# Putting laminate floors upstairs..what should I do with my stairs



## Floorwizard (Dec 5, 2003)

Carpet is fine, it will just wear out quicker.

Lam is way more durable and easy to clean although it takes more effort to install.

it can be slippery, that is the only reason why it would not be recommended.

stair runners can help with that.


----------



## mike costello (Nov 28, 2007)

Wilsonart makes a full size star trea that looks pretty cool. Made just like a wooden tread only out of laminate. It is super slippery in socks though ,so I would recommend a carpet runner down the center.

The only downside to the Wilsonart is it has no good way to finish the edges if you have open stairs at the bottom (meaning there is no wall on both sides of the tread).

You can do the risers with the laminate planks or just use pine and paint it.

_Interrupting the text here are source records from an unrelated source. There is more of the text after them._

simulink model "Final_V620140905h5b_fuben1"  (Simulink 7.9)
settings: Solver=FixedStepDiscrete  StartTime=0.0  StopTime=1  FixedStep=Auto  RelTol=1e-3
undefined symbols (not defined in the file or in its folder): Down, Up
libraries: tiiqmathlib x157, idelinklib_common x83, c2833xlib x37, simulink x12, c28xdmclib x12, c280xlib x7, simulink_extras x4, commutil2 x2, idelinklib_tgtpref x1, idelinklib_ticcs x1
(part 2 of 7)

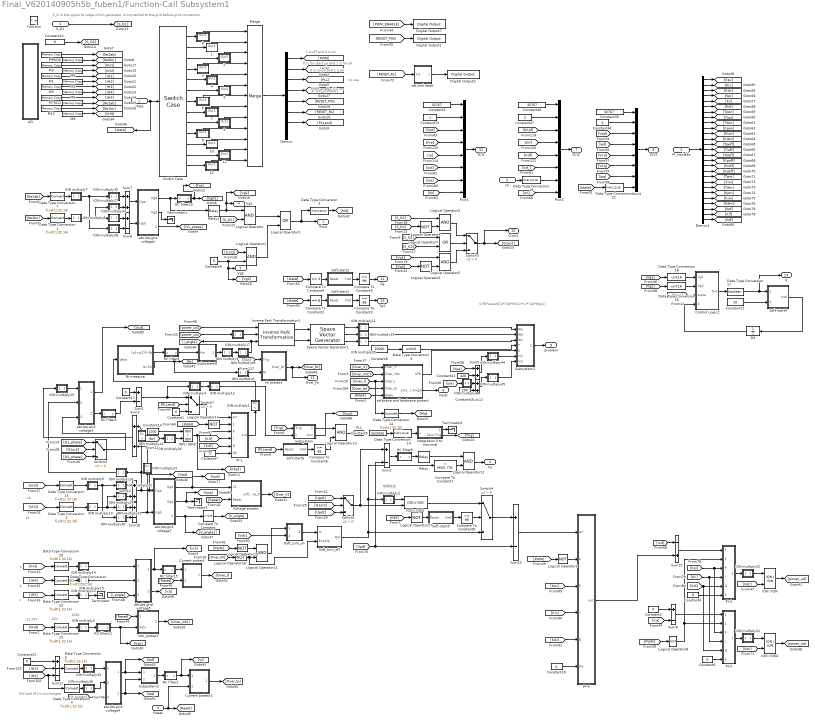
== system Final_V620140905h5b_fuben1/Function-Call Subsystem1 ==
  note: 1 is off and 0 is on
  note: 0 is for start up and 1 is for pll
  note: 0 is no pll and 1 is pll
  note: 21.25V
  note: 42V
  note: 1656
  note: PWM enable 1 is on
  note: S_G is the signal to judge which generator is connected to the grid before grid connection
  note: a
  note: b
  note: c
  note: no use
  note: IH2 and IH1 is exchanged.
  note: 0.95*squart[(2*740*Md)2+(2*740*Mq)2]
  note: cb
  note: ac
  note: 电网软启
  state : Inport
  PI_variable : Inport  Port=2
  Reset : Inport  Port=3
  S_G1 : Inport  Port=4
  ch : Inport  Port=5
  function : TriggerPort  TriggerType=function-call
  0 : Subsystem  TreatAsAtomicUnit=on
  1 : Subsystem  TreatAsAtomicUnit=on
  10 : Subsystem  TreatAsAtomicUnit=on
  11 : Subsystem  TreatAsAtomicUnit=on
  12 : Subsystem  TreatAsAtomicUnit=on
  2 : Subsystem  TreatAsAtomicUnit=on
  3 : Subsystem  TreatAsAtomicUnit=on
  4 : Subsystem  TreatAsAtomicUnit=on
  5 : Subsystem  TreatAsAtomicUnit=on
  6 : Subsystem  TreatAsAtomicUnit=on
  7 : Subsystem  TreatAsAtomicUnit=on
  8 : Subsystem  TreatAsAtomicUnit=on
  9 : Subsystem  TreatAsAtomicUnit=on
  AD : Subsystem  Priority=1
  Compare To Constant : simulink/Logic and Bit Operations/Compare To Constant  relop=>  const=0.8  OutDataTypeStr=uint8
  Compare To Constant1 : simulink/Logic and Bit Operations/Compare To Constant  relop=>  const=560/1.732  OutDataTypeStr=uint8
  Compare To Constant2 : simulink/Logic and Bit Operations/Compare To Constant  relop===  const=8  OutDataTypeStr=boolean
  Compare To Constant3 : simulink/Logic and Bit Operations/Compare To Constant  relop=>=  const=99  OutDataTypeStr=boolean
  Compare To Constant4 : simulink/Logic and Bit Operations/Compare To Constant  relop===  const=3  OutDataTypeStr=boolean
  Compare To Constant5 : simulink/Logic and Bit Operations/Compare To Constant  relop=>=  const=99  OutDataTypeStr=boolean
  Compare To Constant6 : simulink/Logic and Bit Operations/Compare To Constant  relop=>=  const=99  OutDataTypeStr=boolean
  Compare To Constant9 : simulink/Logic and Bit Operations/Compare To Constant  relop=<=  const=99  OutDataTypeStr=boolean
  Constant{1..2,4,6..7,17..18} (7 alike) : Constant  Value=0  OutDataTypeStr=fixdt(1,32,16)
  Constant11 : Constant  Value=10  OutDataTypeStr=fixdt(1,32,16)
  Constant12 : Constant  Value=0  OutDataTypeStr=boolean
  Constant13 : Constant  OutDataTypeStr=fixdt(1,32,16)
  Constant14 : Constant  Value=1200  OutDataTypeStr=fixdt(1,32,16)
  Constant16 : Constant  Value=100  OutDataTypeStr=fixdt(1,32,16)
  Constant21 : Constant  Value=420  OutDataTypeStr=fixdt(1,32,16)
  Constant23 : Constant  Value=0  OutDataTypeStr=fixdt(1,32,16)  SampleTime=-1
  Constant3 : Constant  Value=32767  OutDataTypeStr=fixdt(1,32,16)
  Constant30 : Constant  Value=32767  OutDataTypeStr=fixdt(1,32,16)
  Constant44 : Constant  Value=3  OutDataTypeStr=fixdt(1,32,16)
  Constant46 : Constant  Value=32767  OutDataTypeStr=fixdt(1,32,16)
  Constant47 : Constant  Value=2  OutDataTypeStr=fixdt(1,32,16)
  Constant5 : Constant  Value=50/5000  OutDataTypeStr=double
  Constant8 : Constant  Value=15000  OutDataTypeStr=int16
  Constant9 : Constant  Value=0  OutDataTypeStr=Inherit: Inherit via back propagation
  Control Logic2 : Stateflow chart  TreatAsAtomicUnit=on
  Current protect : Subsystem
  Current protect1 : Subsystem
  D5 : UnitDelay  SampleTime=-1
  Data Type Conversion{1..2,4..7,12..15,19..23} (15 alike) : DataTypeConversion  OutDataTypeStr=fixdt(1,32,16)
  Data Type Conversion16 : DataTypeConversion  OutDataTypeStr=uint16
  Data Type Conversion17 : DataTypeConversion  OutDataTypeStr=boolean
  Data Type Conversion18 : DataTypeConversion  OutDataTypeStr=uint16
  Data Type Conversion3 : DataTypeConversion  OutDataTypeStr=uint16
  Demux : Demux  Outputs=8
  Demux1 : Demux  Outputs=27
  Digital Output1 : c2833xlib/Digital Output  Priority=1  GPIO_Number=GPIO48~GPIO55  GPIO_Bit0=off  GPIO_BIT0_Toggle=off  GPIO_Bit1=on  GPIO_BIT1_Toggle=off  GPIO_Bit2=off  GPIO_BIT2_Toggle=off  GPIO_Bit3=off  GPIO_BIT3_Toggle=off  GPIO_Bit4=off  GPIO_BIT4_Toggle=off  GPIO_Bit5=off  GPIO_BIT5_Toggle=off  GPIO_Bit6=off  GPIO_BIT6_Toggle=off  GPIO_Bit7=off  GPIO_BIT7_Toggle=off
  Digital Output2 : c2833xlib/Digital Output  Priority=1  GPIO_Number=GPIO48~GPIO55  GPIO_Bit0=on  GPIO_BIT0_Toggle=off  GPIO_Bit1=off  GPIO_BIT1_Toggle=off  GPIO_Bit2=off  GPIO_BIT2_Toggle=off  GPIO_Bit3=off  GPIO_BIT3_Toggle=off  GPIO_Bit4=off  GPIO_BIT4_Toggle=off  GPIO_Bit5=off  GPIO_BIT5_Toggle=off  GPIO_Bit6=off  GPIO_BIT6_Toggle=off  GPIO_Bit7=off  GPIO_BIT7_Toggle=off
  Digital Output7 : c2833xlib/Digital Output  Priority=1  GPIO_Number=GPIO16~GPIO23  GPIO_Bit0=off  GPIO_BIT0_Toggle=off  GPIO_Bit1=off  GPIO_BIT1_Toggle=off  GPIO_Bit2=off  GPIO_BIT2_Toggle=off  GPIO_Bit3=on  GPIO_BIT3_Toggle=off  GPIO_Bit4=off  GPIO_BIT4_Toggle=off  GPIO_Bit5=off  GPIO_BIT5_Toggle=off  GPIO_Bit6=off  GPIO_BIT6_Toggle=off  GPIO_Bit7=off  GPIO_BIT7_Toggle=off
  ION multiply1 : Subsystem  mask{x=1/50}
      mask prompts: x "gain"
  ION multiply10 : Subsystem  mask{x=0.02536*50/29.6/1.0181}
      mask prompts: x "gain"
  ION multiply11 : Subsystem  mask{x=-1}
      mask prompts: x "gain"
  ION multiply12 : Subsystem  mask{x=1/100}
      mask prompts: x "gain"
  ION multiply13 : Subsystem  mask{x=0.0086*75/38}
      mask prompts: x "gain"
  ION multiply14 : Subsystem  mask{x=0.0086*75/38}
      mask prompts: x "gain"
  ION multiply15 : Subsystem  mask{x=0.0086*75/38}
      mask prompts: x "gain"
  ION multiply16 : Subsystem  mask{x=-1}
      mask prompts: x "gain"
  ION multiply17 : Subsystem  mask{x=-1}
      mask prompts: x "gain"
  ION multiply19 : Subsystem  mask{x=-1}
      mask prompts: x "gain"
  ION multiply2 : Subsystem  mask{x=1/327}
      mask prompts: x "gain"
  ION multiply20 : Subsystem  mask{x=-1}
      mask prompts: x "gain"
  ION multiply21 : Subsystem  mask{x=750/1000}
      mask prompts: x "gain"
  ION multiply22 : Subsystem  mask{x=750/1000}
      mask prompts: x "gain"
  ION multiply23 : Subsystem  mask{x=-1}
      mask prompts: x "gain"
  ION multiply24 : Subsystem  mask{x=-1}
      mask prompts: x "gain"
  ION multiply25 : Subsystem  mask{x=-1}
      mask prompts: x "gain"
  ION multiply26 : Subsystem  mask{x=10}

Other brands of laminate make a stair nose that you use along with the planks on the stair. The disadvantage here is the stairnose overlaps the plank and there will be a slight lip on your stair. The advantage is you can frame in an open stair with this .


----------



## Klint (Jul 28, 2007)

I have it in my Livingroom and hall way.... I love it .. The only thing is if you get water on it and leave it it will start to warp .... I love mine though.:thumbsup:


----------



## pavola (Nov 13, 2007)

There are bullnose pieces which overlap the laminate flooring and cap the carpet, in your case, on the last stair riser. It's a decent looking transition, just make sure it's secured good.


----------